La métaphore est posée : pour rester dans la course, le système demande littéralement aux femmes de s’autoconsommer.
![[Critique] « Shell » : le versant pop et monstrueux du miroir hollywoodien 17 shell 1](https://cdn.horreur.quebec/wp-content/uploads/2026/02/shell_1-750x422.jpg)
Du « Body Horror » au film de créature
Si le scénario de Jack Stanley explore les affres du vieillissement, il n’hésite pas à basculer franchement dans le body horror grand-guignolesque. Oubliez la subtilité : ici, on vomit bleu, la peau se craquelle comme de la peinture sèche et les créatures qui rôdent dans les ombres de la clinique rappellent les grandes heures des « Creature Features » des années 90.

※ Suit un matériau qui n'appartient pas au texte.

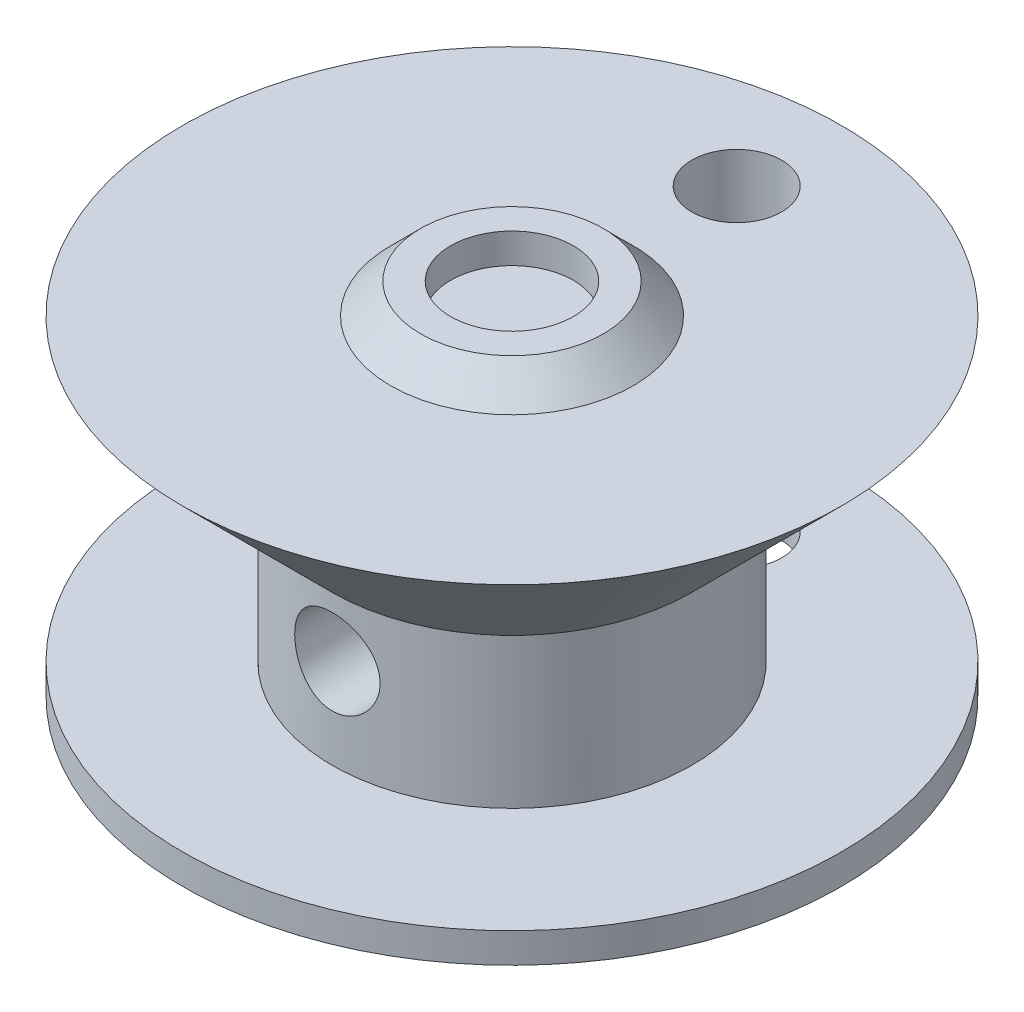
SolidWorks part; units mm, degrees
material "ABS"
ref_plane "Front Plane" through (0, 0, 0) normal (0, 0, 1) x (1, 0, 0)
ref_plane "Top Plane" through (0, 0, 0) normal (0, 1, 0) x (1, 0, 0)
ref_plane "Right Plane" through (0, 0, 0) normal (1, 0, 0) x (0, 0, -1)
sketch "Sketch1" plane through (0, 0, 0) normal (1, 0, 0) x (0, 0, -1)
  line L0 (0, 6) -> (-11, 6) construction
  line L1 (0, 0) -> (0, 18.3424) construction
  line L2 (-11, 6) -> (-11, -6) construction
  line L3 (-11, -6) -> (0, -6) construction
  line L4 (0, -6) -> (0, 6) construction
  line L5 (-11, 6) -> (-11, 5)
  line L7 (-6, 0) -> (-6, -5)
  line L9 (-11, -5) -> (-11, -6)
  line L10 (-11, -6) -> (0, -6) construction
  line L11 (0, -6) -> (0, 6) construction
  line L12 (0, 6) -> (-11, 6) construction
  line L13 (-11, 5) -> (-6, 0)
  line L14 (-6, 0) -> (-6, 6) construction
  line L15 (-11, -5) -> (-6, -5)
  line L16 (-11, 6) -> (-2, 6)
  line L17 (2, -6) -> (-2, -6) construction
  line L18 (2, -6) -> (2, 6) construction
  line L19 (2, 6) -> (-2, 6) construction
  line L20 (-2, -6) -> (-2, 6) construction
  line L21 (2, -6) -> (-2, 6) construction
  line L22 (2, 6) -> (-2, -6) construction
  line L23 (-2.05, 5) -> (2.05, 5) construction
  line L24 (-2.05, 5) -> (-2.05, 7) construction
  line L25 (-2.05, 7) -> (2.05, 7) construction
  line L26 (2.05, 5) -> (2.05, 7) construction
  line L27 (-2.05, 5) -> (2.05, 7) construction
  line L28 (-2.05, 7) -> (2.05, 5) construction
  line L30 (-2.05, 5) -> (0, 5)
  line L31 (0, 5) -> (0, -6) construction
  line L33 (-2, 2) -> (-2, -6)
  line L34 (-2, -6) -> (-11, -6)
  line L35 (-2, 2) -> (0, 4)
  line L36 (0, 4) -> (0, 5)
  line L37 (-2.05, 5) -> (-2.05, 6)
  line L38 (-2.05, 6) -> (-2, 6)
  point P3 (0, 0)
  point P16 (0, 0)
  dimension "D1" = 22
  dimension "D2" = 8
  dimension "D3" = 45
  dimension "D4" = 1
  dimension "D5" = 5
  dimension "D6" = 4
  dimension "D7" = 4
  dimension "D8" = 4.1
  dimension "D9" = 1
  dimension "D10" = 45
  dimension "D11" = 12
revolve "Spool Solid" add sketch "Sketch1" angle 360 about L1 region at (0, 0.7664, 5.0692)
sketch "Sketch2" plane through (0, -6, 0) normal (0, -1, 0) x (1, 0, 0)
  line L0 (1.3229, 1.5) -> (-1.3229, 1.5)
  circle A2 centre (0, 0) radius 2 construction
  circle A3 centre (0, 0) radius 2 construction
  arc A4 (1.3229, 1.5) -> (-1.3229, 1.5) centre (0, 0) ccw
  point P0 (0, -2)
  point P3 (0, 1.5)
  dimension "D1" = 3.5
extrude "Flat Grove Extrude" add sketch "Sketch2" against normal up to next
sketch "Sketch5" plane through (0, -5, 0) normal (0, 1, 0) x (1, 0, 0)
  line L0 (0, 6) -> (0, 11) construction
  circle A0 centre (0, 7.5) radius 1.5
  circle A1 centre (0, 0) radius 6 construction
  circle A2 centre (0, 0) radius 11 construction
  point P9 (0, 0)
  point P10 (0, 0)
  dimension "D1" = 3
extrude "Wire Hole Cut" cut sketch "Sketch5" against normal through all both and the other way through all
sketch "Sketch6" plane through (0, 0, 1.5) normal (0, 0, -1) x (-1, 0, 0)
  line L0 (0, -6) -> (0, 2) construction
  line L1 (1.3229, -6) -> (-1.3229, -6) construction
  circle A0 centre (0, -2) radius 1.425
  dimension "D2" = 2.85
  dimension "D1" = 8
extrude "Set Screw Cut" cut sketch "Sketch6" against normal through all
sketch "Sketch8" plane through (0, 6, 0) normal (0, 1, 0) x (1, 0, 0)
  circle A1 centre (0, 0) radius 11
  circle A4 centre (0, 0) radius 11 construction
  circle A6 centre (0, 0) radius 3.05
  circle A7 centre (0, 0) radius 3.05
  dimension "D1" = 1
extrude "Magnet Holder Trim" cut sketch "Sketch8" against normal blind 1
chamfer "Magnet Holder Chamfer" distance 1 angle 45 1 edges at (0, 5, 3.05)
sketch "Sketch9" plane through (0, -6, 0) normal (0, -1, 0) x (1, 0, 0)
  line L2 (1.3964, 1.7) -> (-1.3964, 1.7)
  line L3 (1.3964, 1.7) -> (-1.3964, 1.7)
  arc A2 (-1.3964, 1.7) -> (1.3964, 1.7) centre (0, 0) ccw
  arc A3 (-1.3964, 1.7) -> (1.3964, 1.7) centre (0, 0) ccw
  dimension "D1" = 0.2
extrude "Axle Tolerance Cut" cut sketch "Sketch9" against normal up to vertex (8 mm away) up to point (1.3229, 2, 1.5)

C’est d’ailleurs là que le film divise. En glissant vers le film de monstre pur et dur dans son dernier acte, Shell perd peut-être en profondeur ce qu’il gagne en divertissement. Les effets spéciaux, mélange de pratique et de numérique parfois inégal, servent un final explosif qui rappelle les délires de Roger Corman (The Wasp Woman).
Elisabeth Moss, également productrice, ancre le film dans une réalité émotionnelle tangible qui empêche l’ensemble de sombrer dans la parodie totale. Elle excelle dans ce registre de la femme au bord de la rupture, prête à tout pour ne pas devenir invisible.
En somme, Shell est une série B de luxe, un divertissement cruel caché sous un emballage de comédie noire. Si The Substance était le film qui vous a fait détourner le regard, Shell est celui qui vous fera rire jaune. Il nous rappelle que la quête de la beauté est une coquille vide, brillante à l’extérieur, mais souvent monstrueuse à l’intérieur.